# Instructions to follow:
Your answer must be an exact transcription of every record below, with the pictures omitted.

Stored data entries
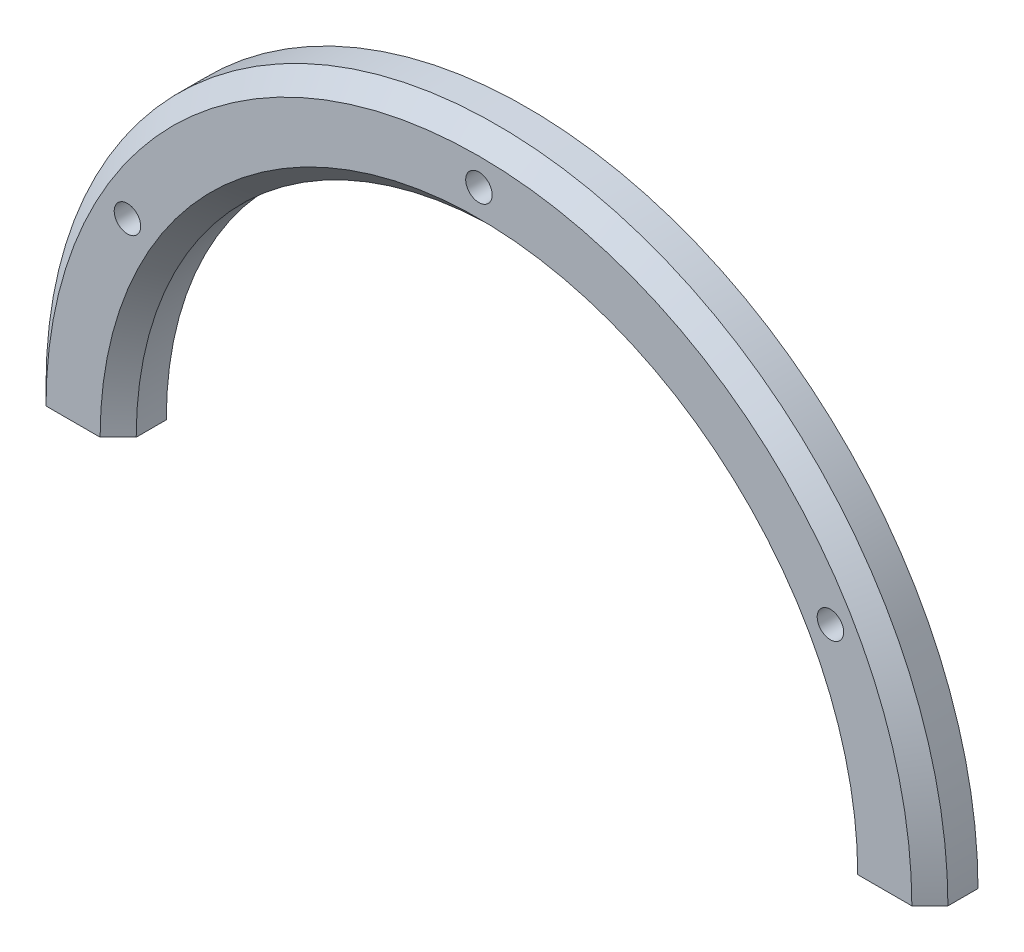
from build123d import *

# Parameters (mm, degrees)
CROQUIS1_R              = 2.2
SALIENTE_EXTRUIR1_DEPTH = 8
CHAFL_N1_SIZE           = 3


with BuildPart() as part:
    # Croquis1 → Saliente-Extruir1 (new body)
    with BuildSketch(Plane.XY):
        with BuildLine():
            Line((-75, 0), (-60, 0))
            ThreePointArc((-60, 0), (0, 60), (60, 0))
            Line((60, 0), (75, 0))
            ThreePointArc((75, 0), (0, 75), (-75, 0))
        make_face()
        with Locations((0, 67.5)):
            Circle(CROQUIS1_R, mode=Mode.SUBTRACT)
        with Locations((-58.456714755, 33.75)):
            Circle(CROQUIS1_R, mode=Mode.SUBTRACT)
        with Locations((58.456714755, 33.75)):
            Circle(CROQUIS1_R, mode=Mode.SUBTRACT)
    extrude(amount=SALIENTE_EXTRUIR1_DEPTH)

    # Chaflán1
    chafl_n1_edges = [part.edges().sort_by_distance(p)[0] for p in [
        (0, 75, 8),
        (0, 60, 8),
    ]]
    chamfer(chafl_n1_edges, length=CHAFL_N1_SIZE)


solid = part.part

# Solution to this exercise:
from build123d import *

# Parameters (mm, degrees)
CROQUIS1_R              = 2.2
SALIENTE_EXTRUIR1_DEPTH = 8
CHAFL_N1_SIZE           = 3


with BuildPart() as part:
    # Croquis1 → Saliente-Extruir1 (new body)
    with BuildSketch(Plane.XY):
        with BuildLine():
            Line((-75, 0), (-60, 0))
            ThreePointArc((-60, 0), (0, 60), (60, 0))
            Line((60, 0), (75, 0))
            ThreePointArc((75, 0), (0, 75), (-75, 0))
        make_face()
        with Locations((0, 67.5)):
            Circle(CROQUIS1_R, mode=Mode.SUBTRACT)
        with Locations((-58.456714755, 33.75)):
            Circle(CROQUIS1_R, mode=Mode.SUBTRACT)
        with Locations((58.456714755, 33.75)):
            Circle(CROQUIS1_R, mode=Mode.SUBTRACT)
    extrude(amount=SALIENTE_EXTRUIR1_DEPTH)

    # Chaflán1
    chafl_n1_edges = [part.edges().sort_by_distance(p)[0] for p in [
        (0, 75, 8),
        (0, 60, 8),
    ]]
    chamfer(chafl_n1_edges, length=CHAFL_N1_SIZE)


solid = part.part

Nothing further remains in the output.